What needs to be done: In the material below, find each line holding the string "blind" and copy it.
++++++++++
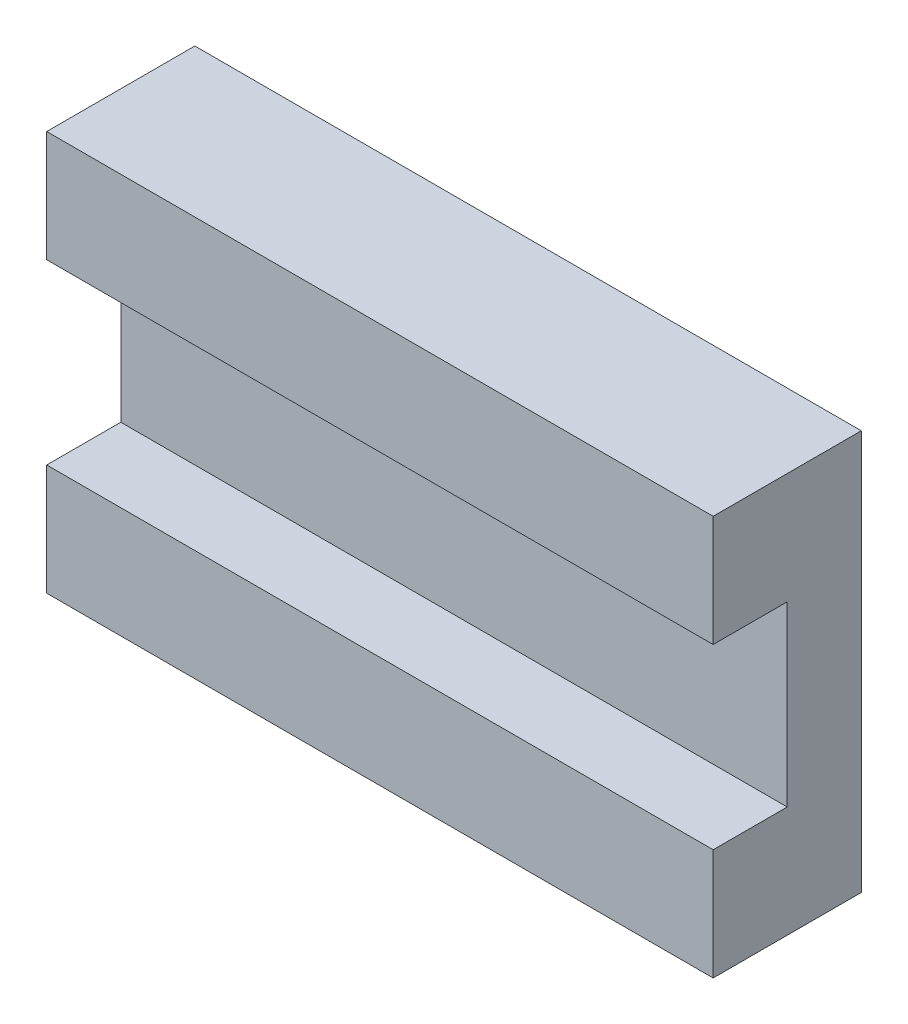
SolidWorks part; units mm, degrees
ref_plane "Front Plane" through (0, 0, 0) normal (0, 0, 1) x (1, 0, 0)
ref_plane "Top Plane" through (0, 0, 0) normal (0, 1, 0) x (1, 0, 0)
ref_plane "Right Plane" through (0, 0, 0) normal (1, 0, 0) x (0, 0, -1)
sketch "Sketch1" plane through (0, 0, 0) normal (0, 0, 1) x (1, 0, 0)
  line L1 (-22.5, -13.5) -> (22.5, -13.5)
  line L2 (-22.5, -13.5) -> (-22.5, 13.5)
  line L3 (-22.5, 13.5) -> (22.5, 13.5)
  line L4 (22.5, -13.5) -> (22.5, 13.5)
  line L5 (-22.5, -13.5) -> (22.5, 13.5) construction
  line L6 (-22.5, 13.5) -> (22.5, -13.5) construction
  line L7 (-10, -10) -> (10, -10) construction
  line L8 (-10, -10) -> (-10, 10) construction
  line L9 (-10, 10) -> (10, 10) construction
  line L10 (10, -10) -> (10, 10) construction
  line L11 (-10, -10) -> (10, 10) construction
  line L12 (-10, 10) -> (10, -10) construction
  circle A0 centre (-10, 10) radius 1.5
  circle A1 centre (10, 10) radius 1.5
  circle A2 centre (10, -10) radius 1.5
  circle A3 centre (-10, -10) radius 1.5
  point P0 (0, 0)
  point P6 (0, 0)
  dimension "D1" = 45
  dimension "D2" = 27
  dimension "D3" = 20
  dimension "D4" = 20
extrude "Boss-Extrude1" add sketch "Sketch1" along normal blind 10 contours A0 | A1 | A2 | A3 | L1 L4 L3 L2 A3 A2 A1 A0 region at (0, 0, 0) region at (-10, 10, 0) region at (10, 10, 0) region at (10, -10, 0) region at (-10, -10, 0)
extrude "Cut-Extrude1" cut sketch "Sketch1<3>" along normal blind 5 contours A0 | A1 | A2 | A3 region at (-10, 10, 0) region at (10, 10, 0) region at (10, -10, 0) region at (-10, -10, 0)
sketch "Sketch1<3>" plane through (0, 0, 0) normal (0, 0, 1) x (1, 0, 0) same geometry as "Sketch1"
sketch "Sketch2" plane through (0, 0, 10) normal (0, 0, 1) x (1, 0, 0)
  line L0 (22.5, -13.5) -> (22.5, 13.5) construction
  line L1 (-22.5, 6) -> (22.5, 6)
  line L2 (-22.5, 6) -> (-22.5, -6)
  line L3 (-22.5, -6) -> (22.5, -6)
  line L4 (22.5, 6) -> (22.5, -6)
  line L5 (-22.5, 6) -> (22.5, -6) construction
  line L6 (-22.5, -6) -> (22.5, 6) construction
  point P0 (0, 0)
  dimension "D1" = 12
extrude "Cut-Extrude2" cut sketch "Sketch2" against normal blind 5
++++++++++
Worked solution:
extrude "Boss-Extrude1" add sketch "Sketch1" along normal blind 10 contours A0 | A1 | A2 | A3 | L1 L4 L3 L2 A3 A2 A1 A0 region at (0, 0, 0) region at (-10, 10, 0) region at (10, 10, 0) region at (10, -10, 0) region at (-10, -10, 0)
extrude "Cut-Extrude1" cut sketch "Sketch1<3>" along normal blind 5 contours A0 | A1 | A2 | A3 region at (-10, 10, 0) region at (10, 10, 0) region at (10, -10, 0) region at (-10, -10, 0)
extrude "Cut-Extrude2" cut sketch "Sketch2" against normal blind 5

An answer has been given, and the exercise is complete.